# Why so many unfinished threads on builds?



## Edintampa (Aug 15, 2014)

I have been reading a lot of the threads on boat conversions only to get to the end and they all of a sudden stop. 
Just when I am getting to the area I am interested in and/or learning something new the OP stops posting about his build which is very disappointing after you have read 10 or more pages about the build. 

Just wondering why it happens so often....

Ed


----------



## DrNip (Aug 15, 2014)

I know what you mean but don't know. Ran out of money, time or lost interest in the forum??? I'm not in this crowd.


----------



## richg99 (Aug 16, 2014)

Many more projects are started than are finished. Money, health, marital or children issues, job hours change, weather isn't conducive to currently work on it, wife said../finally../.."That boat or me!!!"

As many reasons as you can think of.

richg99


----------



## Edintampa (Aug 16, 2014)

Yea life gets in the way sometimes of our passions. I have been fortunate enough to never have had the "it or me" issue. [-X 
I was just wondering because I have spent hours reading and many pages following a thread to learn and get ideas and then it drops off the face of the earth before you find out how it ended or if the ideas worked out. 

I have been searching for paint related threads also because I am trying to decide what is the best paint to use on the used G3 1648 MV I recently bought. 

There are a lot of them on here unfortunately. But there are also a lot of finished ones also. 

Ed


----------



## great white (Aug 16, 2014)

Mey, they either never finish it or they do and are too busy enjoying it!


----------



## WaterWaif (Aug 16, 2014)

Yep,wife caught him sleeping in the boat could be one.


----------



## Kismet (Aug 16, 2014)

This is probably over-thinking it, but like most endeavors, folks participate because of what economists call "return on investment." With TinBoats posting, people participate for the support, encouragement, and advice...and post to respond to or entice additional comments. That's the value they get.

Comes a time when folks don't respond, or the OP doesn't feel motivated to contribute because other "life maintenance" issues come up, and he or she doesn't feel stimulated to put together another, or a final report for the board. They aren't getting what they feel is a suitable return on the investment.

Then too, the forum's contributors are kind of like waves, they wash up on the board, then fade back into the lake, going about their other business.

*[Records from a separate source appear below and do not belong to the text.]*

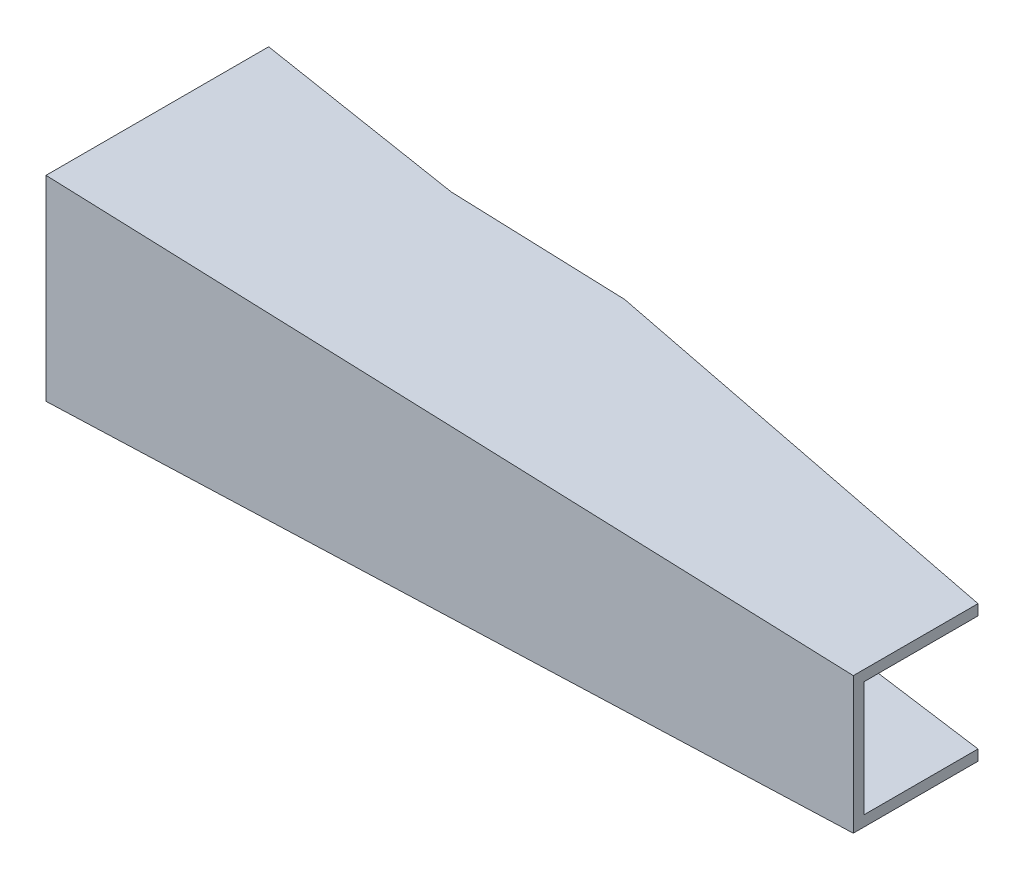
ISO-10303-21;
HEADER;
FILE_DESCRIPTION(('STEP AP214'),'2;1');
FILE_NAME('part.step','',(''),(''),'','','');
FILE_SCHEMA(('AUTOMOTIVE_DESIGN { 1 0 10303 214 1 1 1 1 }'));
ENDSEC;
DATA;
#1=APPLICATION_CONTEXT('core data for automotive mechanical design processes');
#2=APPLICATION_PROTOCOL_DEFINITION('international standard','automotive_design',2000,#1);
#3=PRODUCT_CONTEXT('',#1,'mechanical');
#4=PRODUCT('Part','Part','',(#3));
#5=PRODUCT_RELATED_PRODUCT_CATEGORY('part','',(#4));
#6=PRODUCT_DEFINITION_FORMATION('','',#4);
#7=PRODUCT_DEFINITION_CONTEXT('part definition',#1,'design');
#8=PRODUCT_DEFINITION('design','',#6,#7);
#9=PRODUCT_DEFINITION_SHAPE('','',#8);
#10=(LENGTH_UNIT() NAMED_UNIT(*) SI_UNIT(.MILLI.,.METRE.));
#11=(NAMED_UNIT(*) PLANE_ANGLE_UNIT() SI_UNIT($,.RADIAN.));
#12=(NAMED_UNIT(*) SI_UNIT($,.STERADIAN.) SOLID_ANGLE_UNIT());
#13=UNCERTAINTY_MEASURE_WITH_UNIT(LENGTH_MEASURE(1.E-05),#10,'distance_accuracy_value','');
#14=(GEOMETRIC_REPRESENTATION_CONTEXT(3) GLOBAL_UNCERTAINTY_ASSIGNED_CONTEXT((#13)) GLOBAL_UNIT_ASSIGNED_CONTEXT((#10,
#11,#12)) REPRESENTATION_CONTEXT('',''));
#15=CARTESIAN_POINT('',(0.,0.,0.));
#16=DIRECTION('',(0.,0.,1.));
#17=DIRECTION('',(1.,0.,0.));
#18=AXIS2_PLACEMENT_3D('',#15,#16,#17);
#19=CARTESIAN_POINT('',(326.3,-27.585,105.));
#20=DIRECTION('',(-1.,0.,0.));
#21=DIRECTION('',(0.,0.,1.));
#22=AXIS2_PLACEMENT_3D('',#19,#20,#21);
#23=PLANE('',#22);
#24=DIRECTION('',(0.,0.,1.));
#25=VECTOR('',#24,1.);
#26=CARTESIAN_POINT('',(326.3,23.285,100.7));
#27=LINE('',#26,#25);
#28=CARTESIAN_POINT('',(326.3,23.285,54.6));
#29=VERTEX_POINT('',#28);
#30=CARTESIAN_POINT('',(326.3,23.285,100.7));
#31=VERTEX_POINT('',#30);
#32=EDGE_CURVE('E138',#29,#31,#27,.T.);
#33=ORIENTED_EDGE('',*,*,#32,.F.);
#34=DIRECTION('',(0.,-1.,0.));
#35=VECTOR('',#34,1.);
#36=CARTESIAN_POINT('',(326.3,105.1,54.6));
#37=LINE('',#36,#35);
#38=CARTESIAN_POINT('',(326.3,27.585,54.6));
#39=VERTEX_POINT('',#38);
#40=EDGE_CURVE('E222',#39,#29,#37,.T.);
#41=ORIENTED_EDGE('',*,*,#40,.F.);
#42=DIRECTION('',(0.,0.,-1.));
#43=VECTOR('',#42,1.);
#44=CARTESIAN_POINT('',(326.3,27.585,105.));
#45=LINE('',#44,#43);
#46=CARTESIAN_POINT('',(326.3,27.585,105.));
#47=VERTEX_POINT('',#46);
#48=EDGE_CURVE('E211',#47,#39,#45,.T.);
#49=ORIENTED_EDGE('',*,*,#48,.F.);
#50=DIRECTION('',(0.,1.,0.));
#51=VECTOR('',#50,1.);
#52=CARTESIAN_POINT('',(326.3,-27.585,105.));
#53=LINE('',#52,#51);
#54=CARTESIAN_POINT('',(326.3,-27.585,105.));
#55=VERTEX_POINT('',#54);
#56=EDGE_CURVE('E193',#55,#47,#53,.T.);
#57=ORIENTED_EDGE('',*,*,#56,.F.);
#58=DIRECTION('',(0.,0.,-1.));
#59=VECTOR('',#58,1.);
#60=CARTESIAN_POINT('',(326.3,-27.585,105.));
#61=LINE('',#60,#59);
#62=CARTESIAN_POINT('',(326.3,-27.585,54.6));
#63=VERTEX_POINT('',#62);
#64=EDGE_CURVE('E202',#55,#63,#61,.T.);
#65=ORIENTED_EDGE('',*,*,#64,.T.);
#66=CARTESIAN_POINT('',(326.3,-23.285,54.6));
#67=VERTEX_POINT('',#66);
#68=EDGE_CURVE('E71',#67,#63,#37,.T.);
#69=ORIENTED_EDGE('',*,*,#68,.F.);
#70=DIRECTION('',(0.,0.,-1.));
#71=VECTOR('',#70,1.);
#72=CARTESIAN_POINT('',(326.3,-23.285,100.7));
#73=LINE('',#72,#71);
#74=CARTESIAN_POINT('',(326.3,-23.285,100.7));
#75=VERTEX_POINT('',#74);
#76=EDGE_CURVE('E64',#75,#67,#73,.T.);
#77=ORIENTED_EDGE('',*,*,#76,.F.);
#78=DIRECTION('',(0.,-1.,0.));
#79=VECTOR('',#78,1.);
#80=CARTESIAN_POINT('',(326.3,23.285,100.7));
#81=LINE('',#80,#79);
#82=EDGE_CURVE('E151',#31,#75,#81,.T.);
#83=ORIENTED_EDGE('',*,*,#82,.F.);
#84=EDGE_LOOP('',(#33,#41,#49,#57,#65,#69,#77,#83));
#85=FACE_BOUND('',#84,.T.);
#86=ADVANCED_FACE('F48',(#85),#23,.F.);
#87=CARTESIAN_POINT('',(0.,39.555,105.));
#88=DIRECTION('',(1.,0.,0.));
#89=DIRECTION('',(0.,1.,0.));
#90=AXIS2_PLACEMENT_3D('',#87,#88,#89);
#91=PLANE('',#90);
#92=DIRECTION('',(0.,0.,-1.));
#93=VECTOR('',#92,1.);
#94=CARTESIAN_POINT('',(0.,35.255,-10.9565275072));
#95=LINE('',#94,#93);
#96=CARTESIAN_POINT('',(0.,35.255,100.7));
#97=VERTEX_POINT('',#96);
#98=CARTESIAN_POINT('',(0.,35.255,15.));
#99=VERTEX_POINT('',#98);
#100=EDGE_CURVE('E166',#97,#99,#95,.T.);
#101=ORIENTED_EDGE('',*,*,#100,.F.);
#102=DIRECTION('',(0.,1.,0.));
#103=VECTOR('',#102,1.);
#104=CARTESIAN_POINT('',(0.,35.255,100.7));
#105=LINE('',#104,#103);
#106=CARTESIAN_POINT('',(0.,-35.255,100.7));
#107=VERTEX_POINT('',#106);
#108=EDGE_CURVE('E153',#107,#97,#105,.T.);
#109=ORIENTED_EDGE('',*,*,#108,.F.);
#110=DIRECTION('',(0.,0.,1.));
#111=VECTOR('',#110,1.);
#112=CARTESIAN_POINT('',(0.,-35.255,-10.9565275072));
#113=LINE('',#112,#111);
#114=CARTESIAN_POINT('',(0.,-35.255,15.));
#115=VERTEX_POINT('',#114);
#116=EDGE_CURVE('E172',#115,#107,#113,.T.);
#117=ORIENTED_EDGE('',*,*,#116,.F.);
#118=DIRECTION('',(0.,-1.,0.));
#119=VECTOR('',#118,1.);
#120=CARTESIAN_POINT('',(0.,105.1,15.));
#121=LINE('',#120,#119);
#122=CARTESIAN_POINT('',(0.,-39.555,15.));
#123=VERTEX_POINT('',#122);
#124=EDGE_CURVE('E176',#115,#123,#121,.T.);
#125=ORIENTED_EDGE('',*,*,#124,.T.);
#126=DIRECTION('',(0.,0.,-1.));
#127=VECTOR('',#126,1.);
#128=CARTESIAN_POINT('',(0.,-39.555,105.));
#129=LINE('',#128,#127);
#130=CARTESIAN_POINT('',(0.,-39.555,105.));
#131=VERTEX_POINT('',#130);
#132=EDGE_CURVE('E205',#131,#123,#129,.T.);
#133=ORIENTED_EDGE('',*,*,#132,.F.);
#134=DIRECTION('',(0.,-1.,0.));
#135=VECTOR('',#134,1.);
#136=CARTESIAN_POINT('',(0.,39.555,105.));
#137=LINE('',#136,#135);
#138=CARTESIAN_POINT('',(0.,39.555,105.));
#139=VERTEX_POINT('',#138);
#140=EDGE_CURVE('E198',#139,#131,#137,.T.);
#141=ORIENTED_EDGE('',*,*,#140,.F.);
#142=DIRECTION('',(0.,0.,-1.));
#143=VECTOR('',#142,1.);
#144=CARTESIAN_POINT('',(0.,39.555,105.));
#145=LINE('',#144,#143);
#146=CARTESIAN_POINT('',(0.,39.555,15.));
#147=VERTEX_POINT('',#146);
#148=EDGE_CURVE('E208',#139,#147,#145,.T.);
#149=ORIENTED_EDGE('',*,*,#148,.T.);
#150=EDGE_CURVE('E179',#147,#99,#121,.T.);
#151=ORIENTED_EDGE('',*,*,#150,.T.);
#152=EDGE_LOOP('',(#101,#109,#117,#125,#133,#141,#149,#151));
#153=FACE_BOUND('',#152,.T.);
#154=ADVANCED_FACE('F273',(#153),#91,.F.);
#155=CARTESIAN_POINT('',(0.,105.1,15.));
#156=DIRECTION('',(0.126715247143414,0.,-0.991939134292716));
#157=DIRECTION('',(-0.991939134292716,0.,-0.126715247143414));
#158=AXIS2_PLACEMENT_3D('',#155,#156,#157);
#159=PLANE('',#158);
#160=DIRECTION('',(0.,-1.,0.));
#161=VECTOR('',#160,1.);
#162=CARTESIAN_POINT('',(84.7,105.1,25.82));
#163=LINE('',#162,#161);
#164=CARTESIAN_POINT('',(84.7,36.4478623965676,25.82));
#165=VERTEX_POINT('',#164);
#166=CARTESIAN_POINT('',(84.7,32.1478623965676,25.82));
#167=VERTEX_POINT('',#166);
#168=EDGE_CURVE('E180',#165,#167,#163,.T.);
#169=ORIENTED_EDGE('',*,*,#168,.T.);
#170=DIRECTION('',(-0.991283067279321,0.036364260849934,-0.126631437874407));
#171=VECTOR('',#170,1.);
#172=CARTESIAN_POINT('',(-2.51772199464138,35.3473601969839,14.6783736483823));
#173=LINE('',#172,#171);
#174=EDGE_CURVE('E259',#167,#99,#173,.T.);
#175=ORIENTED_EDGE('',*,*,#174,.T.);
#176=ORIENTED_EDGE('',*,*,#150,.F.);
#177=DIRECTION('',(0.991283067279321,-0.036364260849934,0.126631437874407));
#178=VECTOR('',#177,1.);
#179=CARTESIAN_POINT('',(332.365093492241,27.3625079095859,57.4579729821257));
#180=LINE('',#179,#178);
#181=EDGE_CURVE('E191',#147,#165,#180,.T.);
#182=ORIENTED_EDGE('',*,*,#181,.T.);
#183=EDGE_LOOP('',(#169,#175,#176,#182));
#184=FACE_BOUND('',#183,.T.);
#185=ADVANCED_FACE('F269',(#184),#159,.T.);
#186=ORIENTED_EDGE('',*,*,#124,.F.);
#187=DIRECTION('',(0.991283067279321,0.036364260849934,0.126631437874407));
#188=VECTOR('',#187,1.);
#189=CARTESIAN_POINT('',(5.05941542784582,-35.0694002369865,15.6463149342301));
#190=LINE('',#189,#188);
#191=CARTESIAN_POINT('',(84.7,-32.1478623965676,25.82));
#192=VERTEX_POINT('',#191);
#193=EDGE_CURVE('E255',#115,#192,#190,.T.);
#194=ORIENTED_EDGE('',*,*,#193,.T.);
#195=CARTESIAN_POINT('',(84.7,-36.4478623965676,25.82));
#196=VERTEX_POINT('',#195);
#197=EDGE_CURVE('E234',#192,#196,#163,.T.);
#198=ORIENTED_EDGE('',*,*,#197,.T.);
#199=DIRECTION('',(-0.991283067279321,-0.036364260849934,-0.126631437874407));
#200=VECTOR('',#199,1.);
#201=CARTESIAN_POINT('',(11.297484013512,-39.14056272252,16.4431968952326));
#202=LINE('',#201,#200);
#203=EDGE_CURVE('E219',#196,#123,#202,.T.);
#204=ORIENTED_EDGE('',*,*,#203,.T.);
#205=EDGE_LOOP('',(#186,#194,#198,#204));
#206=FACE_BOUND('',#205,.T.);
#207=ADVANCED_FACE('F253',(#206),#159,.T.);
#208=CARTESIAN_POINT('',(84.7,105.1,25.82));
#209=DIRECTION('',(0.,0.,-1.));
#210=DIRECTION('',(-1.,0.,0.));
#211=AXIS2_PLACEMENT_3D('',#208,#209,#210);
#212=PLANE('',#211);
#213=DIRECTION('',(0.,-1.,0.));
#214=VECTOR('',#213,1.);
#215=CARTESIAN_POINT('',(154.7,105.1,25.82));
#216=LINE('',#215,#214);
#217=CARTESIAN_POINT('',(154.7,33.8799800796813,25.82));
#218=VERTEX_POINT('',#217);
#219=CARTESIAN_POINT('',(154.7,29.5799800796813,25.82));
#220=VERTEX_POINT('',#219);
#221=EDGE_CURVE('E231',#218,#220,#216,.T.);
#222=ORIENTED_EDGE('',*,*,#221,.T.);
#223=DIRECTION('',(-0.999327819206277,0.0366593747958907,0.));
#224=VECTOR('',#223,1.);
#225=CARTESIAN_POINT('',(82.0274179121405,32.2459034863367,25.82));
#226=LINE('',#225,#224);
#227=EDGE_CURVE('E257',#220,#167,#226,.T.);
#228=ORIENTED_EDGE('',*,*,#227,.T.);
#229=ORIENTED_EDGE('',*,*,#168,.F.);
#230=DIRECTION('',(0.999327819206278,-0.0366593747958907,0.));
#231=VECTOR('',#230,1.);
#232=CARTESIAN_POINT('',(326.3,27.585,25.82));
#233=LINE('',#232,#231);
#234=EDGE_CURVE('E189',#165,#218,#233,.T.);
#235=ORIENTED_EDGE('',*,*,#234,.T.);
#236=EDGE_LOOP('',(#222,#228,#229,#235));
#237=FACE_BOUND('',#236,.T.);
#238=ADVANCED_FACE('F280',(#237),#212,.T.);
#239=ORIENTED_EDGE('',*,*,#197,.F.);
#240=DIRECTION('',(0.999327819206278,0.0366593747958907,0.));
#241=VECTOR('',#240,1.);
#242=CARTESIAN_POINT('',(89.7280388030852,-31.9634136546953,25.82));
#243=LINE('',#242,#241);
#244=CARTESIAN_POINT('',(154.7,-29.5799800796813,25.82));
#245=VERTEX_POINT('',#244);
#246=EDGE_CURVE('E168',#192,#245,#243,.T.);
#247=ORIENTED_EDGE('',*,*,#246,.T.);
#248=CARTESIAN_POINT('',(154.7,-33.8799800796813,25.82));
#249=VERTEX_POINT('',#248);
#250=EDGE_CURVE('E225',#245,#249,#216,.T.);
#251=ORIENTED_EDGE('',*,*,#250,.T.);
#252=DIRECTION('',(-0.999327819206278,-0.0366593747958907,0.));
#253=VECTOR('',#252,1.);
#254=CARTESIAN_POINT('',(0.,-39.555,25.82));
#255=LINE('',#254,#253);
#256=EDGE_CURVE('E216',#249,#196,#255,.T.);
#257=ORIENTED_EDGE('',*,*,#256,.T.);
#258=EDGE_LOOP('',(#239,#247,#251,#257));
#259=FACE_BOUND('',#258,.T.);
#260=ADVANCED_FACE('F242',(#259),#212,.T.);
#261=CARTESIAN_POINT('',(154.7,105.1,25.82));
#262=DIRECTION('',(0.165405444621505,0.,-0.986225653128919));
#263=DIRECTION('',(-0.986225653128919,0.,-0.165405444621505));
#264=AXIS2_PLACEMENT_3D('',#261,#262,#263);
#265=PLANE('',#264);
#266=ORIENTED_EDGE('',*,*,#40,.T.);
#267=DIRECTION('',(-0.985580850259129,0.0361550805320312,-0.165297301109894));
#268=VECTOR('',#267,1.);
#269=CARTESIAN_POINT('',(152.008938111662,29.6786990830628,25.3686668930864));
#270=LINE('',#269,#268);
#271=EDGE_CURVE('E12',#29,#220,#270,.T.);
#272=ORIENTED_EDGE('',*,*,#271,.T.);
#273=ORIENTED_EDGE('',*,*,#221,.F.);
#274=DIRECTION('',(0.985580850259129,-0.0361550805320312,0.165297301109894));
#275=VECTOR('',#274,1.);
#276=CARTESIAN_POINT('',(334.510858270501,27.2837926034389,55.9770891668124));
#277=LINE('',#276,#275);
#278=EDGE_CURVE('E186',#218,#39,#277,.T.);
#279=ORIENTED_EDGE('',*,*,#278,.T.);
#280=EDGE_LOOP('',(#266,#272,#273,#279));
#281=FACE_BOUND('',#280,.T.);
#282=ADVANCED_FACE('F282',(#281),#265,.T.);
#283=ORIENTED_EDGE('',*,*,#250,.F.);
#284=DIRECTION('',(0.985580850259129,0.0361550805320312,0.165297301109894));
#285=VECTOR('',#284,1.);
#286=CARTESIAN_POINT('',(159.499153415173,-29.4039277769549,26.6248929795378));
#287=LINE('',#286,#285);
#288=EDGE_CURVE('E56',#245,#67,#287,.T.);
#289=ORIENTED_EDGE('',*,*,#288,.T.);
#290=ORIENTED_EDGE('',*,*,#68,.T.);
#291=DIRECTION('',(-0.985580850259129,-0.0361550805320312,-0.165297301109894));
#292=VECTOR('',#291,1.);
#293=CARTESIAN_POINT('',(17.1264176977011,-38.9267339263209,2.74676166281956));
#294=LINE('',#293,#292);
#295=EDGE_CURVE('E214',#63,#249,#294,.T.);
#296=ORIENTED_EDGE('',*,*,#295,.T.);
#297=EDGE_LOOP('',(#283,#289,#290,#296));
#298=FACE_BOUND('',#297,.T.);
#299=ADVANCED_FACE('F245',(#298),#265,.T.);
#300=CARTESIAN_POINT('',(326.3,27.585,105.));
#301=DIRECTION('',(-0.0366593747958907,-0.999327819206278,0.));
#302=DIRECTION('',(0.999327819206278,-0.0366593747958907,0.));
#303=AXIS2_PLACEMENT_3D('',#300,#301,#302);
#304=PLANE('',#303);
#305=ORIENTED_EDGE('',*,*,#181,.F.);
#306=ORIENTED_EDGE('',*,*,#148,.F.);
#307=DIRECTION('',(-0.999327819206278,0.0366593747958907,0.));
#308=VECTOR('',#307,1.);
#309=CARTESIAN_POINT('',(326.3,27.585,105.));
#310=LINE('',#309,#308);
#311=EDGE_CURVE('E196',#47,#139,#310,.T.);
#312=ORIENTED_EDGE('',*,*,#311,.F.);
#313=ORIENTED_EDGE('',*,*,#48,.T.);
#314=ORIENTED_EDGE('',*,*,#278,.F.);
#315=ORIENTED_EDGE('',*,*,#234,.F.);
#316=EDGE_LOOP('',(#305,#306,#312,#313,#314,#315));
#317=FACE_BOUND('',#316,.T.);
#318=ADVANCED_FACE('F277',(#317),#304,.F.);
#319=CARTESIAN_POINT('',(0.,-39.555,105.));
#320=DIRECTION('',(-0.0366593747958907,0.999327819206278,0.));
#321=DIRECTION('',(-0.999327819206278,-0.0366593747958907,0.));
#322=AXIS2_PLACEMENT_3D('',#319,#320,#321);
#323=PLANE('',#322);
#324=ORIENTED_EDGE('',*,*,#203,.F.);
#325=ORIENTED_EDGE('',*,*,#256,.F.);
#326=ORIENTED_EDGE('',*,*,#295,.F.);
#327=ORIENTED_EDGE('',*,*,#64,.F.);
#328=DIRECTION('',(0.999327819206278,0.0366593747958907,0.));
#329=VECTOR('',#328,1.);
#330=CARTESIAN_POINT('',(0.,-39.555,105.));
#331=LINE('',#330,#329);
#332=EDGE_CURVE('E200',#131,#55,#331,.T.);
#333=ORIENTED_EDGE('',*,*,#332,.F.);
#334=ORIENTED_EDGE('',*,*,#132,.T.);
#335=EDGE_LOOP('',(#324,#325,#326,#327,#333,#334));
#336=FACE_BOUND('',#335,.T.);
#337=ADVANCED_FACE('F248',(#336),#323,.F.);
#338=CARTESIAN_POINT('',(0.,0.,105.));
#339=DIRECTION('',(0.,0.,1.));
#340=DIRECTION('',(1.,0.,0.));
#341=AXIS2_PLACEMENT_3D('',#338,#339,#340);
#342=PLANE('',#341);
#343=ORIENTED_EDGE('',*,*,#56,.T.);
#344=ORIENTED_EDGE('',*,*,#311,.T.);
#345=ORIENTED_EDGE('',*,*,#140,.T.);
#346=ORIENTED_EDGE('',*,*,#332,.T.);
#347=EDGE_LOOP('',(#343,#344,#345,#346));
#348=FACE_BOUND('',#347,.T.);
#349=ADVANCED_FACE('F286',(#348),#342,.T.);
#350=CARTESIAN_POINT('',(1.29155751432091,35.2076204613962,0.));
#351=DIRECTION('',(-0.0366593747958907,-0.999327819206277,0.));
#352=DIRECTION('',(0.999327819206277,-0.0366593747958907,0.));
#353=AXIS2_PLACEMENT_3D('',#350,#351,#352);
#354=PLANE('',#353);
#355=ORIENTED_EDGE('',*,*,#227,.F.);
#356=ORIENTED_EDGE('',*,*,#271,.F.);
#357=ORIENTED_EDGE('',*,*,#32,.T.);
#358=DIRECTION('',(-0.999327819206278,0.0366593747958907,0.));
#359=VECTOR('',#358,1.);
#360=CARTESIAN_POINT('',(326.3,23.285,100.7));
#361=LINE('',#360,#359);
#362=EDGE_CURVE('E141',#31,#97,#361,.T.);
#363=ORIENTED_EDGE('',*,*,#362,.T.);
#364=ORIENTED_EDGE('',*,*,#100,.T.);
#365=ORIENTED_EDGE('',*,*,#174,.F.);
#366=EDGE_LOOP('',(#355,#356,#357,#363,#364,#365));
#367=FACE_BOUND('',#366,.T.);
#368=ADVANCED_FACE('F140',(#367),#354,.T.);
#369=CARTESIAN_POINT('',(0.,0.,100.7));
#370=DIRECTION('',(0.,0.,-1.));
#371=DIRECTION('',(0.,1.,0.));
#372=AXIS2_PLACEMENT_3D('',#369,#370,#371);
#373=PLANE('',#372);
#374=ORIENTED_EDGE('',*,*,#362,.F.);
#375=ORIENTED_EDGE('',*,*,#82,.T.);
#376=DIRECTION('',(-0.999327819206278,-0.0366593747958907,0.));
#377=VECTOR('',#376,1.);
#378=CARTESIAN_POINT('',(326.3,-23.285,100.7));
#379=LINE('',#378,#377);
#380=EDGE_CURVE('E155',#75,#107,#379,.T.);
#381=ORIENTED_EDGE('',*,*,#380,.T.);
#382=ORIENTED_EDGE('',*,*,#108,.T.);
#383=EDGE_LOOP('',(#374,#375,#381,#382));
#384=FACE_BOUND('',#383,.T.);
#385=ADVANCED_FACE('F149',(#384),#373,.T.);
#386=CARTESIAN_POINT('',(1.29155751432091,-35.2076204613962,0.));
#387=DIRECTION('',(-0.0366593747958907,0.999327819206278,0.));
#388=DIRECTION('',(-0.999327819206278,-0.0366593747958907,0.));
#389=AXIS2_PLACEMENT_3D('',#386,#387,#388);
#390=PLANE('',#389);
#391=ORIENTED_EDGE('',*,*,#116,.T.);
#392=ORIENTED_EDGE('',*,*,#380,.F.);
#393=ORIENTED_EDGE('',*,*,#76,.T.);
#394=ORIENTED_EDGE('',*,*,#288,.F.);
#395=ORIENTED_EDGE('',*,*,#246,.F.);
#396=ORIENTED_EDGE('',*,*,#193,.F.);
#397=EDGE_LOOP('',(#391,#392,#393,#394,#395,#396));
#398=FACE_BOUND('',#397,.T.);
#399=ADVANCED_FACE('F287',(#398),#390,.T.);
#400=CLOSED_SHELL('',(#86,#154,#185,#207,#238,#260,#282,#299,#318,#337,#349,#368,#385,#399));
#401=MANIFOLD_SOLID_BREP('B2',#400);
#402=ADVANCED_BREP_SHAPE_REPRESENTATION('',(#18,#401),#14);
#403=SHAPE_DEFINITION_REPRESENTATION(#9,#402);
ENDSEC;
END-ISO-10303-21;

Don't take it personally. 

:roll: :? :roll:


----------



## bobberboy (Aug 16, 2014)

[url=https://www.tinboats.net/forum/viewtopic.php?p=363492#p363492 said:


> Kismet » Today, 13:25[/url]"]This is probably over-thinking it, but like most endeavors, folks participate because of what economists call "return on investment." With TinBoats posting, people participate for the support, encouragement, and advice...and post to respond to or entice additional comments. That's the value they get.
> 
> Comes a time when folks don't respond, or the OP doesn't feel motivated to contribute because other "life maintenance" issues come up, and he or she doesn't feel stimulated to put together another, or a final report for the board. They aren't getting what they feel is a suitable return on the investment.
> 
> ...



I think this is true. I know in my own case I took a three year hiatus for all sorts of reasons. When I joined I was hot to do my first boat and was enthusiastic to share what I was doing and that quickly was followed by a second boat. When I finished it and began the next one I was going strong then winter came, and then a very rainy spring followed by record setting July and August temps followed by falling off a ladder and ending up off my feet for a while and unable to do any work on the boat at all. Then it was three years later before I was back at it again.

There are also communities within the community that come and go too. The anti-bassaddict community has been silent for quite a while now - hopefully out fishing. And it's summer so people should be doing other things.

What I find interesting is how much busier the forum is Monday through Friday - while people are are work - than on the weekends. The reason for this is that the Tinboats site gives us all a reason to go to work and live through another week. We're busy on the weekends doing all those things we like and report it come Monday morning. I was going to ask Jim once if he can somehow tell which days of the week have the most posts and views. I'm gonna bet weekdays are _much_ busier than weekends...


----------



## lovedr79 (Aug 16, 2014)

They finished the build and are out fishing. My wife is usually good about my projects. She did give me the WTF is that in my front yard last night. My buddy gave me a 1978 Suzuki GS550. She thought I bought it. LOL


----------



## gillhunter (Aug 16, 2014)

[url=https://www.tinboats.net/forum/viewtopic.php?p=363512#p363512 said:


> bobberboy » 26 minutes ago[/url]"]
> 
> 
> [url=https://www.tinboats.net/forum/viewtopic.php?p=363492#p363492 said:
> ...



I think Kismet and Bobberboy are spot on! Since I have been on the forum I have observed many members that have been incredibly active and then just disappear. People's lives change and stuff happens. The upside is that we seem to always get new members that have great projects and knowledge that keeps the forum fresh and interesting.


----------



## heron2000 (Aug 17, 2014)

I hope to keep mine up - so far just got the boat and I rebuilt a 87 6 hp to go with it

working on the floors now


----------



## wasilvers (Aug 18, 2014)

I got to a point where I felt finished enough - and have been fishing the heck out of my boat since then. I think it is one of those things where you will never consider yourself to be finished, but able to enjoy your hard work to date. 

If I ever truly finished my boat, I'd have to start another.


----------



## richg99 (Aug 18, 2014)

Will, Amen!

I am on my 25th or so boat. I buy one, fix it up, get bored, sell it. Get another kind if boat, fix it up,...and on and on and on. Most of that "fuxin" was done in the heat and humidity of Houston. Rich


----------



## great white (Aug 18, 2014)

I may get other boats to fix up along the line, but the 12' tinny will always be around. Finished or not.

It was my dads and I inherited when he passed.....can't bear the thought of selling it to a stranger.


----------



## Butthead (Aug 19, 2014)

Some of us just turn back into lurkers...


----------



## ccm (Aug 20, 2014)

Still working on mine, though I haven't posted in awhile. Life happened, I couldn't afford to go to another university like I planned on doing so I got a job so eventually I can go. I work 10 hour days on night shift now. I don't get off until 2am so it's slowed my work down with me sleeping more in the daytime. I still visit the site & follow builds along with posting on anything that I can provide advice on or say that's cool. This site is my relief so I can forget about the hectic workday.


----------